I'm using an Octopus custom template with a powershell script to delete old deployments by age or by count. However, it relies on running after an actual deployment step, so that it can access the output variables of that step. For example,
DeploymentFolder:
#{Octopus.Action[Deployment Step Name].Output.Package.InstallationDirectoryPath}
This works great when, for example, you haven't run out of disk space. However, it doesn't work so well when disk space is low (since you didn't have this step running before) and Octopus can't deploy a new version due to the low disk space condition, thus you can't run the delete old files step. (I know one can change the Octopus parameter for what's considered too little disk space, but I'd rather not do that.) This additionally has a problem where if you want to enter a hardcoded path (say you're experiencing a temporary problem with your script and just need to delete a bunch of old deployments, but don't currently have the permissions needed to delete them manually from the server), it's too easy to accidentally leave off the final version-number-bearing folder and have the underlying script get confused.

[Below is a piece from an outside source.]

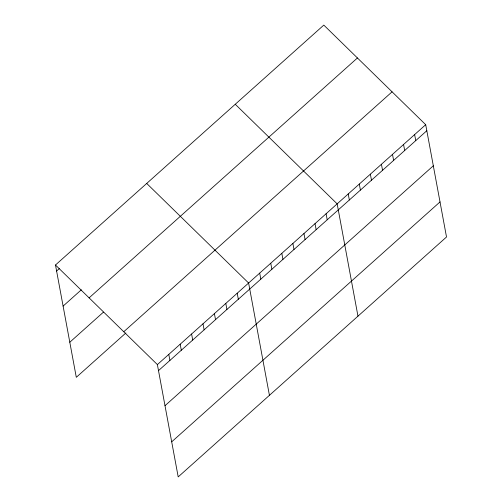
<?xml version="1.0" encoding="UTF-8"?>
<svg xmlns="http://www.w3.org/2000/svg" width="502" height="502" viewBox="0 0 502 502"><rect width="100%" height="100%" fill="white"/><g stroke="black" fill="none" stroke-linecap="round" stroke-linejoin="round"><path stroke-width="0.75" d="M55.484 265.006L323.803 25.1L425.702 124.691L446.516 236.994L178.197 476.9L157.383 364.596L55.484 265.006L76.298 377.309L125.902 332.952M56.6 271.036L59.449 268.488M63.101 306.107L81.343 289.792M89.111 297.868L357.43 57.968M69.797 342.238L103.437 312.156M123.756 331.734L392.075 91.828M157.383 364.596L425.702 124.691M158.5 370.627L426.819 130.721M165.001 405.698L433.32 165.792M171.697 441.829L440.016 201.923M235.256 104.265L337.162 203.862L357.97 316.166M146.709 183.437L248.615 283.028L269.43 395.331M414.633 134.592L415.756 140.616M403.57 144.488L404.687 150.518M392.501 154.384L393.618 160.414M381.432 164.279L382.549 170.31M370.363 174.175L371.48 180.205M359.294 184.071L360.411 190.101M348.225 193.967L349.342 199.997M326.093 213.758L327.21 219.788M315.024 223.654L316.141 229.684M303.955 233.549L305.072 239.579M292.886 243.445L294.003 249.475M281.817 253.341L282.933 259.371M270.747 263.236L271.864 269.267M259.685 273.132L260.802 279.162M237.208 293.224L238.325 299.255M225.806 303.421L226.923 309.452M214.404 313.618L215.521 319.648M202.996 323.815L204.119 329.845M191.595 334.012L192.712 340.042M180.193 344.209L181.31 350.239M168.791 354.399L169.908 360.43"/></g></svg>
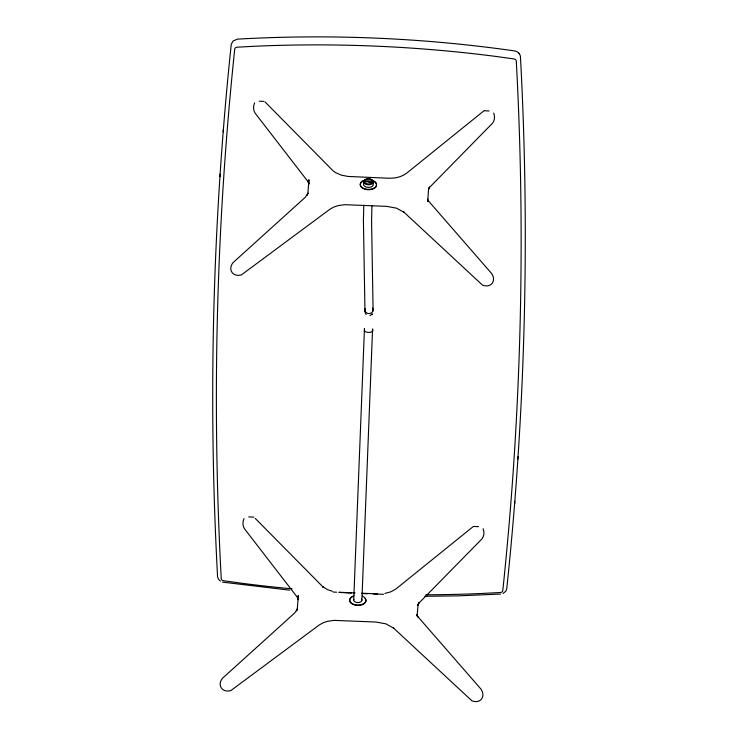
<?xml version="1.0" encoding="UTF-8"?>
<svg xmlns="http://www.w3.org/2000/svg" width="738" height="738" viewBox="0 0 738 738"><rect width="100%" height="100%" fill="white"/><g stroke="black" fill="none" stroke-linecap="round" stroke-linejoin="round"><path stroke-width="1.11" d="M361.888 600.326L372.552 329.646M363.64 182.12L363.686 182.387A4.908 2.924 1.5 0 0 368.253 184.749A4.908 2.924 1.5 0 0 373.151 182.793L372.644 182.065L364.24 181.705L363.622 182.996L363.797 180.884A4.908 2.924 1.5 0 1 368.686 178.919A4.908 2.924 1.5 0 1 373.262 181.28L373.207 183.402L373.271 182.424L369.018 182.249M353.723 599.976L364.461 328.511M363.788 205.201L363.41 220.164L364.969 311.353L365.568 309.157M371.952 205.542L371.574 220.514L373.105 311.002M364.489 329.305C362.764 333.391 374.941 333.724 372.625 328.862M503.03 593.463L505.798 591.258L506.729 588.989C525.345 412.219 530.032 233.983 520.428 56.494C520.124 53.662 517.504 51.328 514.737 50.931C422.975 37.841 329.904 33.856 237.359 39.142L233.125 41.005L231.271 44.206C212.655 220.976 207.968 399.212 217.572 576.701L218.383 579.044L220.422 581.147M223.18 131.89L223.374 129.298M219.924 176.686L220.108 174.094M364.24 181.705L364.618 182.535A4.354 2.592 1.5 0 0 372.155 182.849L372.644 182.065M363.714 181.142L364.812 179.943A4.354 2.592 1.5 0 1 372.349 180.266L373.299 181.557M427.653 201.594L428.584 189.159L429.553 187.018L429.009 187.959L492.633 123.108C494.764 120.405 495.032 116.134 493.685 113.062M417.136 616.202L418.086 604.293L417.874 605.409L418.953 602.706L418.418 603.647L482.043 538.795C484.174 536.092 484.432 531.821 483.086 528.749M514.626 503.897L514.82 501.305M517.891 459.101L518.076 456.508M254.638 102.905C253.143 105.903 253.18 110.119 255.016 113.015L308.493 182.286L307.995 181.317L308.788 184.066L308.899 179.694L307.921 193.208L307.202 195.21L307.986 193.144L305.403 197.184L233.06 262.608C227.433 269.554 232.94 277.331 241.391 274.923L329.849 209.288L333.567 207.147L338.105 205.607L344.794 204.694L386.583 206.354L396.518 208.162L404.249 212.443L403.566 211.815L482.551 285.172C490.955 288.3 496.637 281.021 491.711 273.595L427.985 200.422L428.474 201.382L427.662 198.826M244.038 518.593C242.544 521.591 242.581 525.807 244.416 528.703L297.894 597.983L297.396 597.005L298.272 599.773L298.3 595.381L297.331 608.896L296.602 610.898L297.386 608.832L294.803 612.872L222.461 678.296C216.834 685.242 222.341 693.019 230.8 690.62L319.25 624.975L322.976 622.835L327.506 621.295L334.194 620.381L375.983 622.042L385.919 623.85L393.649 628.13L392.967 627.503L471.951 700.86C480.355 703.987 486.038 696.709 481.121 689.283L417.385 616.11L417.874 617.069L417.071 614.514M372.524 313.89L371.86 314.785L371.832 313.936M483.971 110.774L406.675 173.172C400.42 177.544 394.729 178.356 388.077 178.199L348.041 176.447L341.307 175.146L335.476 172.572L332.903 170.644L264.988 101.862M473.372 526.462L396.075 588.859L391.011 591.756L384.904 593.463M369.959 315.578L370.956 314.96M364.332 331.482L364.932 331.353M500.641 594.053L458.086 595.861L424.857 596.286M259.296 101.207L263.872 101.401M484.543 110.774L489.128 110.968M364.314 180.736L372.718 181.087M248.697 516.895L253.909 517.135M473.953 526.462L478.528 526.664M339.268 592.263L355.006 592.928M361.749 593.214L377.487 593.887M289.619 590.151L222.618 582.144M332.349 591.286L327.626 589.68L322.552 586.59L323.235 587.199L255.2 518.371M518.74 53.145L519.22 53.634M366.085 314.536L365.079 312.506M364.941 310.652L365.199 311.215L364.895 309.609M361.435 599.081A4.087 2.435 1.5 0 1 358.161 602.577A4.087 2.435 1.5 0 1 353.908 599.348M362.201 596.11A8.173 4.871 1.5 0 1 363.834 603.536A8.173 4.871 1.5 0 1 351.325 603.011A8.173 4.871 1.5 0 1 354.028 595.769M365.042 598.453A8.173 4.871 1.5 0 1 362.183 604.763A8.173 4.871 1.5 0 1 351.306 603.444A8.173 4.871 1.5 0 1 352.275 596.904M372.607 308.023A4.087 3.81 -1 0 1 369.314 313.576A4.087 3.81 -1 0 1 365.079 308.632M373.188 183.91A4.908 2.924 1.5 0 1 367.552 187.323A4.908 2.924 1.5 0 1 364.268 182.821M372.782 180.865A8.173 4.871 1.5 0 1 374.415 188.291A8.173 4.871 1.5 0 1 361.906 187.756A8.173 4.871 1.5 0 1 364.618 180.515M372.791 180.423A8.173 4.871 1.5 0 1 374.434 187.849A8.173 4.871 1.5 0 1 361.915 187.323A8.173 4.871 1.5 0 1 364.627 180.081M425.863 594.791A1126.474 904.354 4.2 0 0 481.822 593.481L500.659 592.476A2.721 2.186 4.2 0 0 502.735 590.824L502.799 590.501C521.323 414.774 525.797 237.581 516.296 61.143L516.249 60.811A2.721 2.186 4.2 0 0 514.257 58.985L495.512 56.383A1126.474 904.354 4.2 0 0 255.699 46.199L236.87 47.204A2.721 2.186 4.2 0 0 234.785 48.846L234.73 49.178C216.206 224.906 211.723 402.09 221.234 578.527L221.271 578.86A2.74 2.196 4.2 0 0 223.273 580.686L242.009 583.288A1126.474 904.354 4.2 0 0 292.082 588.832M383.529 594.293A1126.474 904.354 4.2 0 1 373.225 593.979M367.506 593.767A1126.474 904.354 4.2 0 1 361.786 593.536M351.491 593.057A1126.474 904.354 4.2 0 1 338.908 592.374M336.62 592.245A1126.474 904.354 4.2 0 1 333.189 592.033M428.686 188.605L428.474 189.721L428.787 188.624M417.228 615.51L416.988 614.45L417.145 615.575M308.77 183.522L308.632 182.969L308.871 184.085L308.77 183.522"/></g></svg>

Is there some way that I can get the deployment folder for the current environment, and combine it with my NuGet package name (and whatever other parts are in the deployment folder name), so I can work out the expected deployment folder in advance?
The actual deployment folder being used is E:\Octopus\Applications\LifeCycle\NugetPackageName
.
I think I can get the NugetPackageName
with $OctopusParameters['Octopus.Action[Deployment Step Name].Package.NuGetPackageId']
(though I am not sure, as Octopus.Action.Package.NuGetPackageId
is listed as an "Action-Level Variable", and thus may not be available in advance of the step running. I'd be willing to hard-code the NuGet package name if I had to.
About the LifeCycle
part, I don't know if that is actually a LifeCycle
name. It may be a coincidence that it matches. I'm not sure. For the life of me I can't figure out where this comes from.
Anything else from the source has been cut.